Eh Id still go for a set of Gruvens pulleys.


----------



## tay272 (Aug 22, 2007)

Im likin where this is going. If we get the word out there about these, maybe some other companies will jump on board and start offering them. Someone deffinately needs to send Gruven some stock pullies tho so we can see what the end result would be.


----------



## kevin splits (Aug 23, 2010)

Yea Ive used the Gruvens before, and saw no negative reactions from deleting the dampener. Saw no added overheating issues from them since they dont underdrive anything. The 30k miles I drove the car with them on saw zero problems whatsoever. If I do get a 08R the first two mods will be crack pipe and their billet pulleys, trust me the rotational mass savings make a difference.


----------



## tay272 (Aug 22, 2007)

They deffinately do, I had a set of Unorthodox Racing pulleys on my 2.0 AEG a couple years back and it made the engine rev much easier and faster. They make some nice pulley sets as well but unfortunately they are mostly underdriven.
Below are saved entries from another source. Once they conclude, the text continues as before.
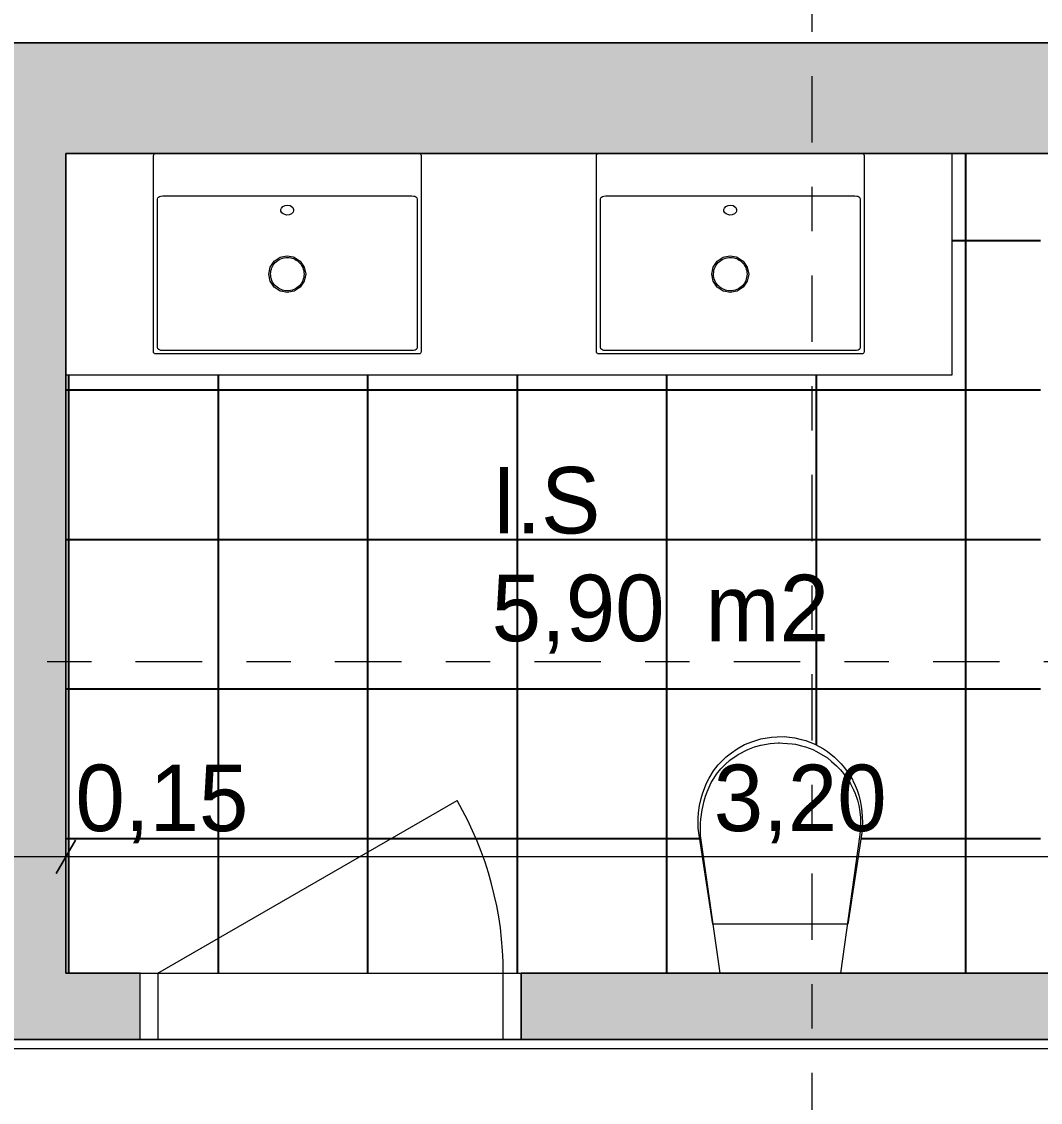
# Model space of a CAD drawing. Header units: metres. Extents: x -111189 to -108577, y -72951 to -72647.
# Drawn here: x -110671.936 to -110669.636, y -72931.646 to -72929.206 of the extents above; entities that cross this region are included whole.
import ezdxf

# ---------------------------------------------------------------- set-up
doc = ezdxf.new("R2010")
doc.units = ezdxf.units.M
doc.header["$MEASUREMENT"] = 0
for name, pattern in [('Dashed', [0.423333, 0.211667, -0.211667]), ('Dot & Dashed', [0.670278, 0.3175, -0.176389, 0, -0.176389]), ('OTK - Tracejado', [0.08, 0.04, -0.04]), ('OTK - Traço Ponto', [0.2, 0.1, -0.05, 0, -0.05]), ('OTK - Traço Ponto CORTES_ALÇ', [0.6, 0.3, -0.15, 0, -0.15])]:
    doc.linetypes.add(name, pattern=pattern)
for name, color, linetype in [('Muro Não Confinante - MNC1_1_0', 7, 'Continuous'), ('Muro Não Confinante - MNC1_1_00 - DESENHO 2D', 7, 'Continuous'), ('Muro Não Confinante - MNC1_1_03 - COBERTURA', 7, 'Continuous'), ('Muro Não Confinante - MNC1_1_03 - LAJES', 7, 'Continuous'), ('Muro Não Confinante - MNC1_1_04 - TECTO FALSO', 7, 'Continuous'), ('Muro Não Confinante - MNC1_1_05 - PAREDES..35', 7, 'Continuous'), ('Muro Não Confinante - MNC1_1_08 - EQUIPAMENTO FIXO', 7, 'Continuous'), ('Muro Não Confinante - MNC1_1_11 - ZONA_ÁREA', 7, 'Continuous'), ('Muro Não Confinante - MNC1_1_12 - COTAS GERAIS', 7, 'Continuous'), ('Planta Piso -1_1_07 - MUROS', 7, 'Continuous'), ('Planta Piso -1_1_14 - CORTES.Marcadores', 7, 'Continuous')]:
    doc.layers.add(name, color=color, linetype=linetype)
doc.styles.add('ESTILO_GERADO_3', font='AGENCYR.TTF')

# ---------------------------------------------------------------- blocks, each defined once
blk = doc.blocks.new('*X146', base_point=(-110694.4627, -72968.689))
at = {"layer": 'Muro Não Confinante - MNC1_1_03 - LAJES', "color": 253, "linetype": 'Continuous', "lineweight": 9, "ltscale": 1000}
for p, q in [((-110672.0859, -72931.5239), (-110671.8359, -72931.5239)), ((-110672.0859, -72931.5239), (-110671.8359, -72931.5239)), ((-110671.8359, -72931.5239), (-110671.5859, -72931.5239)), ((-110671.8359, -72931.5239), (-110671.5859, -72931.5239)), ((-110671.5859, -72931.5239), (-110671.3359, -72931.5239)), ((-110671.5859, -72931.5239), (-110671.3359, -72931.5239)), ((-110671.3359, -72931.5239), (-110671.0859, -72931.5239)), ((-110671.3359, -72931.5239), (-110671.0859, -72931.5239)), ((-110671.0859, -72931.5239), (-110670.8359, -72931.5239)), ((-110671.0859, -72931.5239), (-110670.8359, -72931.5239)), ((-110670.8359, -72931.5239), (-110670.5859, -72931.5239)), ((-110670.8359, -72931.5239), (-110670.5859, -72931.5239)), ((-110670.5859, -72931.5239), (-110670.3359, -72931.5239)), ((-110670.5859, -72931.5239), (-110670.3359, -72931.5239)), ((-110670.3359, -72931.5239), (-110670.0859, -72931.5239)), ((-110670.3359, -72931.5239), (-110670.0859, -72931.5239)), ((-110670.0859, -72931.5239), (-110669.8359, -72931.5239)), ((-110670.0859, -72931.5239), (-110669.8359, -72931.5239)), ((-110669.8359, -72931.5239), (-110669.5859, -72931.5239)), ((-110669.8359, -72931.5239), (-110669.5859, -72931.5239))]:
    blk.add_line(p, q, dxfattribs=at)

msp = doc.modelspace()

# ---------------------------------------------------------------- hatches: boundary and pattern name
at = {"true_color": 0x939598, "transparency": 33554615}
h = msp.add_hatch(dxfattribs=at)
h.set_pattern_fill('NET', color=252, scale=2.7)
h.set_pattern_definition([(0, (-52.15414, -1e-06), (0, 0.3375), []), (90, (-52.15414, -1e-06), (-0.3375, 2e-17), [])])
h.paths.add_polyline_path([(-110669.6359, -72929.5039), (-110669.8359, -72929.5039), (-110669.8359, -72930.0039), (-110671.8359, -72930.0039), (-110671.8359, -72931.3539), (-110670.359, -72931.3539), (-110670.3747, -72931.2434), (-110670.3757, -72931.2434), (-110670.4072, -72931.0372), (-110670.4081, -72931.0267), (-110670.4085, -72931.0162), (-110670.4083, -72931.0039), (-110670.4075, -72930.9917), (-110670.4053, -72930.9755), (-110670.4019, -72930.9595), (-110670.399, -72930.9488), (-110670.3893, -72930.9238), (-110670.3837, -72930.9138), (-110670.3738, -72930.8974), (-110670.3645, -72930.8855), (-110670.3543, -72930.8745), (-110670.3452, -72930.8655), (-110670.3331, -72930.8562), (-110670.3205, -72930.8476), (-110670.3035, -72930.8377), (-110670.2852, -72930.8307), (-110670.2673, -72930.8247), (-110670.2432, -72930.8212), (-110670.2299, -72930.8202), (-110670.2141, -72930.8197), (-110670.1905, -72930.823), (-110670.1757, -72930.8262), (-110670.1651, -72930.8287), (-110670.1451, -72930.8373), (-110670.1353, -72930.8422), (-110670.1259, -72930.8477), (-110670.1166, -72930.8534), (-110670.1005, -72930.8666), (-110670.0855, -72930.8811), (-110670.0757, -72930.8932), (-110670.0704, -72930.9005), (-110670.0652, -72930.9086), (-110670.0598, -72930.9179), (-110670.0549, -72930.9278), (-110670.0496, -72930.941), (-110670.046, -72930.9523), (-110670.0428, -72930.9645), (-110670.0405, -72930.9768), (-110670.0389, -72930.9893), (-110670.038, -72931.0013), (-110670.0378, -72931.0133), (-110670.0381, -72931.0253), (-110670.0391, -72931.0372), (-110670.0706, -72931.2434), (-110670.0717, -72931.2434), (-110670.0874, -72931.3539), (-110669.6359, -72931.3539)])
at = {"layer": 'Planta Piso -1_1_07 - MUROS', "linetype": 'Continuous', "lineweight": 0, "true_color": 0x939598}
h = msp.add_hatch(color=252, dxfattribs=at)
h.paths.add_polyline_path([(-110676.0264, -72929.2539), (-110678.0859, -72929.2539), (-110678.0859, -72929.4039), (-110676.9859, -72929.4039), (-110676.8359, -72929.4039), (-110676.8359, -72929.4039), (-110676.0264, -72929.4039)])
h.paths.add_polyline_path([(-110674.7943, -72929.2539), (-110676.0264, -72929.2539), (-110676.0264, -72929.4039), (-110675.8713, -72929.4039), (-110675.0717, -72929.4039), (-110675.0717, -72929.4039), (-110674.8, -72929.4039), (-110674.7943, -72929.4039)])
h.paths.add_polyline_path([(-110674.4359, -72929.2539), (-110674.7943, -72929.2539), (-110674.7943, -72929.4039), (-110674.738, -72929.4039), (-110674.4359, -72929.4039)])
h.paths.add_polyline_path([(-110674.4359, -72929.4039), (-110674.5859, -72929.4039), (-110674.5859, -72929.5039), (-110674.4359, -72929.5039)])
h.paths.add_polyline_path([(-110674.4359, -72929.5039), (-110674.5859, -72929.5039), (-110674.5859, -72929.9789), (-110674.4359, -72929.9789), (-110674.4359, -72929.9639), (-110674.4359, -72929.6839)])
h.paths.add_polyline_path([(-110674.4359, -72929.9789), (-110674.5859, -72929.9789), (-110674.5859, -72930.3705), (-110674.4359, -72930.3705), (-110674.4359, -72930.3605)])
h.paths.add_polyline_path([(-110674.4359, -72931.2305), (-110674.5859, -72931.2305), (-110674.5859, -72931.2525), (-110674.5859, -72931.3539), (-110674.4359, -72931.3539)])
h.paths.add_polyline_path([(-110674.3159, -72931.3539), (-110674.5859, -72931.3539), (-110674.5859, -72931.5039), (-110674.3159, -72931.5039)])
h.paths.add_polyline_path([(-110674.4359, -72931.5039), (-110674.5859, -72931.5039), (-110674.5859, -72931.5515), (-110674.4359, -72931.5515)])
h.paths.add_polyline_path([(-110674.4359, -72931.5515), (-110674.5859, -72931.5515), (-110674.5859, -72931.5539), (-110674.7943, -72931.5539), (-110674.7943, -72931.7039), (-110674.4359, -72931.7039)])
h.paths.add_polyline_path([(-110674.4359, -72931.7039), (-110674.5859, -72931.7039), (-110674.5859, -72932.2639), (-110674.5859, -72932.2639), (-110674.5859, -72932.3289), (-110674.4359, -72932.3289)])
h.paths.add_polyline_path([(-110674.4359, -72932.3289), (-110674.5859, -72932.3289), (-110674.5859, -72932.4989), (-110674.4359, -72932.4989)])
h.paths.add_polyline_path([(-110674.7943, -72931.5539), (-110675.8713, -72931.5539), (-110675.8713, -72931.5539), (-110676.0264, -72931.5539), (-110676.0264, -72931.7039), (-110674.7943, -72931.7039)])
h.paths.add_polyline_path([(-110676.0264, -72931.5539), (-110676.8359, -72931.5539), (-110676.8359, -72931.5539), (-110676.9859, -72931.5539), (-110678.0859, -72931.5539), (-110678.0859, -72931.7039), (-110676.0264, -72931.7039)])
h.paths.add_polyline_path([(-110678.0859, -72931.5539), (-110678.0859, -72931.5539), (-110678.3359, -72931.5539), (-110678.3359, -72931.7039), (-110678.0859, -72931.7039)])
h.paths.add_polyline_path([(-110678.0859, -72931.7039), (-110678.3359, -72931.7039), (-110678.3359, -72932.3289), (-110678.1372, -72932.3289), (-110678.1372, -72932.2639), (-110678.0859, -72932.2639)])
h.paths.add_polyline_path([(-110678.0859, -72931.5039), (-110678.3359, -72931.5039), (-110678.3359, -72931.5515), (-110678.0859, -72931.5515)])
h.paths.add_polyline_path([(-110678.0859, -72931.3539), (-110678.3359, -72931.3539), (-110678.3359, -72931.5039), (-110678.0859, -72931.5039)])
h.paths.add_polyline_path([(-110678.0859, -72930.7789), (-110678.3359, -72930.7789), (-110678.3359, -72931.3539), (-110678.0859, -72931.3539)])
h.paths.add_polyline_path([(-110678.0859, -72929.8539), (-110678.3359, -72929.8539), (-110678.3359, -72929.9789), (-110678.0859, -72929.9789)])
h.paths.add_polyline_path([(-110678.0859, -72929.5539), (-110678.0859, -72929.5039), (-110678.3359, -72929.5039), (-110678.3359, -72929.8539), (-110678.0859, -72929.8539)])
h.paths.add_polyline_path([(-110678.0859, -72929.4039), (-110678.3359, -72929.4039), (-110678.3359, -72929.5039), (-110678.0859, -72929.5039)])
h.paths.add_polyline_path([(-110678.0859, -72929.2539), (-110678.3359, -72929.2539), (-110678.3359, -72929.4039), (-110678.0859, -72929.4039)])
h.paths.add_polyline_path([(-110678.0859, -72928.2539), (-110678.3359, -72928.2539), (-110678.3359, -72928.4039), (-110678.1859, -72928.4039), (-110678.1259, -72928.4039), (-110678.0859, -72928.4039)])
h.paths.add_polyline_path([(-110678.0859, -72928.0039), (-110678.3359, -72928.0039), (-110678.3359, -72928.0047), (-110678.3359, -72928.2539), (-110678.0859, -72928.2539)])
h.paths.add_polyline_path([(-110676.0264, -72928.0039), (-110678.0559, -72928.0039), (-110678.0559, -72928.0039), (-110678.0859, -72928.0039), (-110678.0859, -72928.2539), (-110676.0264, -72928.2539)])
h.paths.add_polyline_path([(-110674.7943, -72928.0039), (-110675.5678, -72928.0039), (-110676.0264, -72928.0039), (-110676.0264, -72928.2539), (-110674.7943, -72928.2539)])
h.paths.add_polyline_path([(-110674.2849, -72928.0039), (-110674.5402, -72928.0039), (-110674.7943, -72928.0039), (-110674.7943, -72928.2539), (-110674.2849, -72928.2539), (-110674.2849, -72928.2139), (-110674.2849, -72928.1539)])
h.paths.add_polyline_path([(-110673.3359, -72928.0039), (-110673.4849, -72928.0039), (-110673.4849, -72928.1539), (-110673.4849, -72928.2139), (-110673.4849, -72928.2539), (-110673.3359, -72928.2539)])
h.paths.add_polyline_path([(-110673.1859, -72928.2539), (-110673.3245, -72928.2539), (-110673.3245, -72929.2539), (-110673.1859, -72929.2539)])
h.paths.add_polyline_path([(-110673.0859, -72928.2539), (-110673.1859, -72928.2539), (-110673.1859, -72929.2539), (-110673.0859, -72929.2539)])
h.paths.add_polyline_path([(-110673.0859, -72928.0039), (-110673.1859, -72928.0039), (-110673.1859, -72928.2539), (-110673.0859, -72928.2539)])
h.paths.add_polyline_path([(-110673.1859, -72928.0039), (-110673.267, -72928.0039), (-110673.3245, -72928.0039), (-110673.3245, -72928.2539), (-110673.1859, -72928.2539)])
h.paths.add_polyline_path([(-110673.3245, -72928.0039), (-110673.3359, -72928.0039), (-110673.3359, -72928.2539), (-110673.3245, -72928.2539)])
h.paths.add_polyline_path([(-110673.1859, -72929.4039), (-110673.3245, -72929.4039), (-110673.3245, -72929.5039), (-110673.1859, -72929.5039)])
h.paths.add_polyline_path([(-110673.0859, -72929.4039), (-110673.1859, -72929.4039), (-110673.1859, -72929.5039), (-110673.0859, -72929.5039)])
h.paths.add_polyline_path([(-110673.0859, -72929.2539), (-110673.1859, -72929.2539), (-110673.1859, -72929.4039), (-110673.0859, -72929.4039)])
h.paths.add_polyline_path([(-110673.1859, -72929.2539), (-110673.3245, -72929.2539), (-110673.3245, -72929.4039), (-110673.1859, -72929.4039)])
h.paths.add_polyline_path([(-110671.6683, -72931.3539), (-110671.7344, -72931.3539), (-110671.7344, -72931.5039), (-110671.6683, -72931.5039)])
h.paths.add_polyline_path([(-110671.7344, -72931.3539), (-110671.8359, -72931.3539), (-110671.8359, -72931.5039), (-110671.7344, -72931.5039)])
h.paths.add_polyline_path([(-110671.8359, -72931.3539), (-110671.9859, -72931.3539), (-110671.9859, -72931.5039), (-110671.8359, -72931.5039)])
h.paths.add_polyline_path([(-110671.8359, -72931.0911), (-110671.9859, -72931.0911), (-110671.9859, -72931.3539), (-110671.8359, -72931.3539)])
h.paths.add_polyline_path([(-110671.8359, -72930.7789), (-110671.9859, -72930.7789), (-110671.9859, -72931.0911), (-110671.9493, -72931.0911), (-110671.8359, -72931.0911)])
h.paths.add_polyline_path([(-110671.8359, -72930.6507), (-110671.9859, -72930.6507), (-110671.9859, -72930.7789), (-110671.8359, -72930.7789)])
h.paths.add_polyline_path([(-110671.8359, -72929.9789), (-110671.9859, -72929.9789), (-110671.9859, -72930.6507), (-110671.8359, -72930.6507)])
h.paths.add_polyline_path([(-110671.8359, -72929.5039), (-110671.9859, -72929.5039), (-110671.9859, -72929.9789), (-110671.8359, -72929.9789)])
h.paths.add_polyline_path([(-110671.8359, -72929.4039), (-110671.9859, -72929.4039), (-110671.9859, -72929.5039), (-110671.8359, -72929.5039)])
h.paths.add_polyline_path([(-110671.9859, -72929.4039), (-110672.0466, -72929.4039), (-110672.0466, -72929.4639), (-110672.0466, -72929.5039), (-110671.9859, -72929.5039)])
h.paths.add_polyline_path([(-110671.9859, -72929.2539), (-110672.0466, -72929.2539), (-110672.0466, -72929.4039), (-110671.9859, -72929.4039)])
h.paths.add_polyline_path([(-110671.8359, -72929.2539), (-110671.9859, -72929.2539), (-110671.9859, -72929.4039), (-110671.8359, -72929.4039)])
h.paths.add_polyline_path([(-110671.7344, -72929.2539), (-110671.8359, -72929.2539), (-110671.8359, -72929.4039), (-110671.7344, -72929.4039)])
h.paths.add_polyline_path([(-110671.7344, -72929.4039), (-110671.8359, -72929.4039), (-110671.8359, -72929.5039), (-110671.7344, -72929.5039)])
h.paths.add_polyline_path([(-110670.1514, -72929.4039), (-110671.7344, -72929.4039), (-110671.7344, -72929.5039), (-110670.8359, -72929.5039), (-110670.1514, -72929.5039)])
h.paths.add_polyline_path([(-110670.1514, -72929.2539), (-110671.7344, -72929.2539), (-110671.7344, -72929.4039), (-110670.1514, -72929.4039)])
h.paths.add_polyline_path([(-110669.7344, -72929.4039), (-110670.1514, -72929.4039), (-110670.1514, -72929.5039), (-110669.8359, -72929.5039), (-110669.7344, -72929.5039)])
h.paths.add_polyline_path([(-110669.7344, -72929.2539), (-110670.1514, -72929.2539), (-110670.1514, -72929.4039), (-110669.7344, -72929.4039)])
h.paths.add_polyline_path([(-110669.5859, -72929.2539), (-110669.7344, -72929.2539), (-110669.7344, -72929.4039), (-110669.5859, -72929.4039)])
h.paths.add_polyline_path([(-110669.5859, -72929.4039), (-110669.7344, -72929.4039), (-110669.7344, -72929.5039), (-110669.5859, -72929.5039), (-110669.5859, -72929.4639)])
h = msp.add_hatch(color=252, dxfattribs=at)
h.paths.add_polyline_path([(-110673.1859, -72933.7544), (-110673.3245, -72933.7544), (-110673.3245, -72934.6539), (-110673.1859, -72934.6539)])
h.paths.add_polyline_path([(-110673.1859, -72933.6502), (-110673.3245, -72933.6502), (-110673.3245, -72933.7544), (-110673.1859, -72933.7544)])
h.paths.add_polyline_path([(-110673.1859, -72933.5289), (-110673.3245, -72933.5289), (-110673.3245, -72933.6502), (-110673.1859, -72933.6502)])
h.paths.add_polyline_path([(-110673.1859, -72932.3289), (-110673.3245, -72932.3289), (-110673.3245, -72933.5289), (-110673.1859, -72933.5289)])
h.paths.add_polyline_path([(-110673.3245, -72935.2039), (-110673.3359, -72935.2039), (-110673.3359, -72935.4629), (-110673.3245, -72935.4629)])
h.paths.add_polyline_path([(-110673.3245, -72934.9539), (-110673.3359, -72934.9539), (-110673.3359, -72935.2039), (-110673.3245, -72935.2039)])
h.paths.add_polyline_path([(-110673.3245, -72933.7544), (-110673.3359, -72933.7544), (-110673.3359, -72934.4039), (-110673.3359, -72934.6539), (-110673.3245, -72934.6539)])
h.paths.add_polyline_path([(-110673.3245, -72934.7039), (-110673.3359, -72934.7039), (-110673.3359, -72934.9539), (-110673.3245, -72934.9539)])
h.paths.add_polyline_path([(-110673.3245, -72934.6539), (-110673.3359, -72934.6539), (-110673.3359, -72934.7039), (-110673.3245, -72934.7039)])
h.paths.add_polyline_path([(-110673.3245, -72932.3289), (-110673.3359, -72932.3289), (-110673.3359, -72933.5289), (-110673.3245, -72933.5289)])
h.paths.add_polyline_path([(-110673.3245, -72931.7039), (-110673.3359, -72931.7039), (-110673.3359, -72932.3289), (-110673.3245, -72932.3289)])
h.paths.add_polyline_path([(-110673.1859, -72931.7039), (-110673.3245, -72931.7039), (-110673.3245, -72932.3289), (-110673.1859, -72932.3289)])
h.paths.add_polyline_path([(-110673.1859, -72931.5515), (-110673.3245, -72931.5515), (-110673.3245, -72931.7039), (-110673.1859, -72931.7039)])
h.paths.add_polyline_path([(-110673.3245, -72931.5515), (-110673.3359, -72931.5515), (-110673.3359, -72931.7039), (-110673.3245, -72931.7039)])
h.paths.add_polyline_path([(-110673.3245, -72931.5039), (-110673.3359, -72931.5039), (-110673.3359, -72931.5515), (-110673.3245, -72931.5515)])
h.paths.add_polyline_path([(-110673.3245, -72931.3539), (-110673.3359, -72931.3539), (-110673.3359, -72931.5039), (-110673.3245, -72931.5039)])
h.paths.add_polyline_path([(-110673.3359, -72931.3539), (-110673.4559, -72931.3539), (-110673.4559, -72931.5039), (-110673.3359, -72931.5039)])
h.paths.add_polyline_path([(-110673.1859, -72931.3539), (-110673.3245, -72931.3539), (-110673.3245, -72931.5039), (-110673.1859, -72931.5039)])
h.paths.add_polyline_path([(-110673.1859, -72931.5039), (-110673.3245, -72931.5039), (-110673.3245, -72931.5515), (-110673.1859, -72931.5515)])
h.paths.add_polyline_path([(-110673.0859, -72931.3539), (-110673.1859, -72931.3539), (-110673.1859, -72931.5039), (-110673.0859, -72931.5039)])
h.paths.add_polyline_path([(-110673.0715, -72931.3539), (-110673.0859, -72931.3539), (-110673.0859, -72931.5039), (-110673.0715, -72931.5039)])
h.paths.add_polyline_path([(-110671.9859, -72931.3539), (-110672.2115, -72931.3539), (-110672.2115, -72931.5039), (-110671.9859, -72931.5039)])
h.paths.add_polyline_path([(-110670.1514, -72931.3539), (-110670.8083, -72931.3539), (-110670.8083, -72931.5039), (-110670.6859, -72931.5039), (-110670.6211, -72931.5039), (-110670.1514, -72931.5039)])
h.paths.add_polyline_path([(-110669.7344, -72931.3539), (-110670.1514, -72931.3539), (-110670.1514, -72931.5039), (-110669.7344, -72931.5039)])
h.paths.add_polyline_path([(-110668.9365, -72931.3539), (-110669.7344, -72931.3539), (-110669.7344, -72931.5039), (-110668.9365, -72931.5039)])
h.paths.add_polyline_path([(-110668.8665, -72931.3539), (-110668.9365, -72931.3539), (-110668.9365, -72931.5039), (-110668.8665, -72931.5039)])
h.paths.add_polyline_path([(-110668.6316, -72931.3539), (-110668.8665, -72931.3539), (-110668.8665, -72931.5039), (-110668.6359, -72931.5039), (-110668.6316, -72931.5039)])
h.paths.add_polyline_path([(-110668.9365, -72934.9539), (-110669.7344, -72934.9539), (-110669.7344, -72934.9939), (-110669.7344, -72935.2039), (-110668.9365, -72935.2039)])
h.paths.add_polyline_path([(-110668.8665, -72934.9539), (-110668.9365, -72934.9539), (-110668.9365, -72935.2039), (-110668.8665, -72935.2039)])
h.paths.add_polyline_path([(-110668.8665, -72934.6539), (-110668.9365, -72934.6539), (-110668.9365, -72934.9539), (-110668.8665, -72934.9539)])
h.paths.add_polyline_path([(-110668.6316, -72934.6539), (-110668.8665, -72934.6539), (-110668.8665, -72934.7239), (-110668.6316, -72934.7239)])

I cant imagine how quick the 2.5 would rev with a set of lightweight pullies AND a lightened flywheel.


----------



## kungfoojesus (Jan 10, 2005)

well issues w/deleting harmonic dampers aren't going to be present. they're long term issues that are going to take a while to show up in various forms of other damage. i don't rly understand how anyone can say its a non issue unless they blue printed and balanced a motor but be my guest. i'll pass on the damper delete for basically 5hp off the line and little other benefit.


----------



## thygreyt (Jun 7, 2009)

tay272 said:


> AND a lightened flywheel.


i love the way mine revs...

cant imagine getting this pulleys...!


----------



## kevin splits (Aug 23, 2010)

kungfoojesus said:


> well issues w/deleting harmonic dampers aren't going to be present. they're long term issues that are going to take a while to show up in various forms of other damage. i don't rly understand how anyone can say its a non issue unless they blue printed and balanced a motor but be my guest. i'll pass on the damper delete for basically 5hp off the line and little other benefit.


What is the damage that could maybe show up long down the road, when most of us prob. wont even have the car anymore? I always hear people saying I dont want to delete the harmonic damper because of the damage it causes, but I have yet to see proof, or hear of this down the road damage :sly:


----------



## kungfoojesus (Jan 10, 2005)

If you can tell me exactly what damage resonance causes in an engine, you're either the engineer that designed this motor or GOD. I can't answer your question but the fact is, removing a harmonic damper reduces the strength of your crank. Yes, it may reduce little enough to never be an issue but I for one will go with a properly balanced, built, and resonance inhibited crank shaft. I still stand by my opinion that unless a motor is built from bottom end up blue printed and balanced, nobody can know for sure if resonance won't be an issue w/out a damper.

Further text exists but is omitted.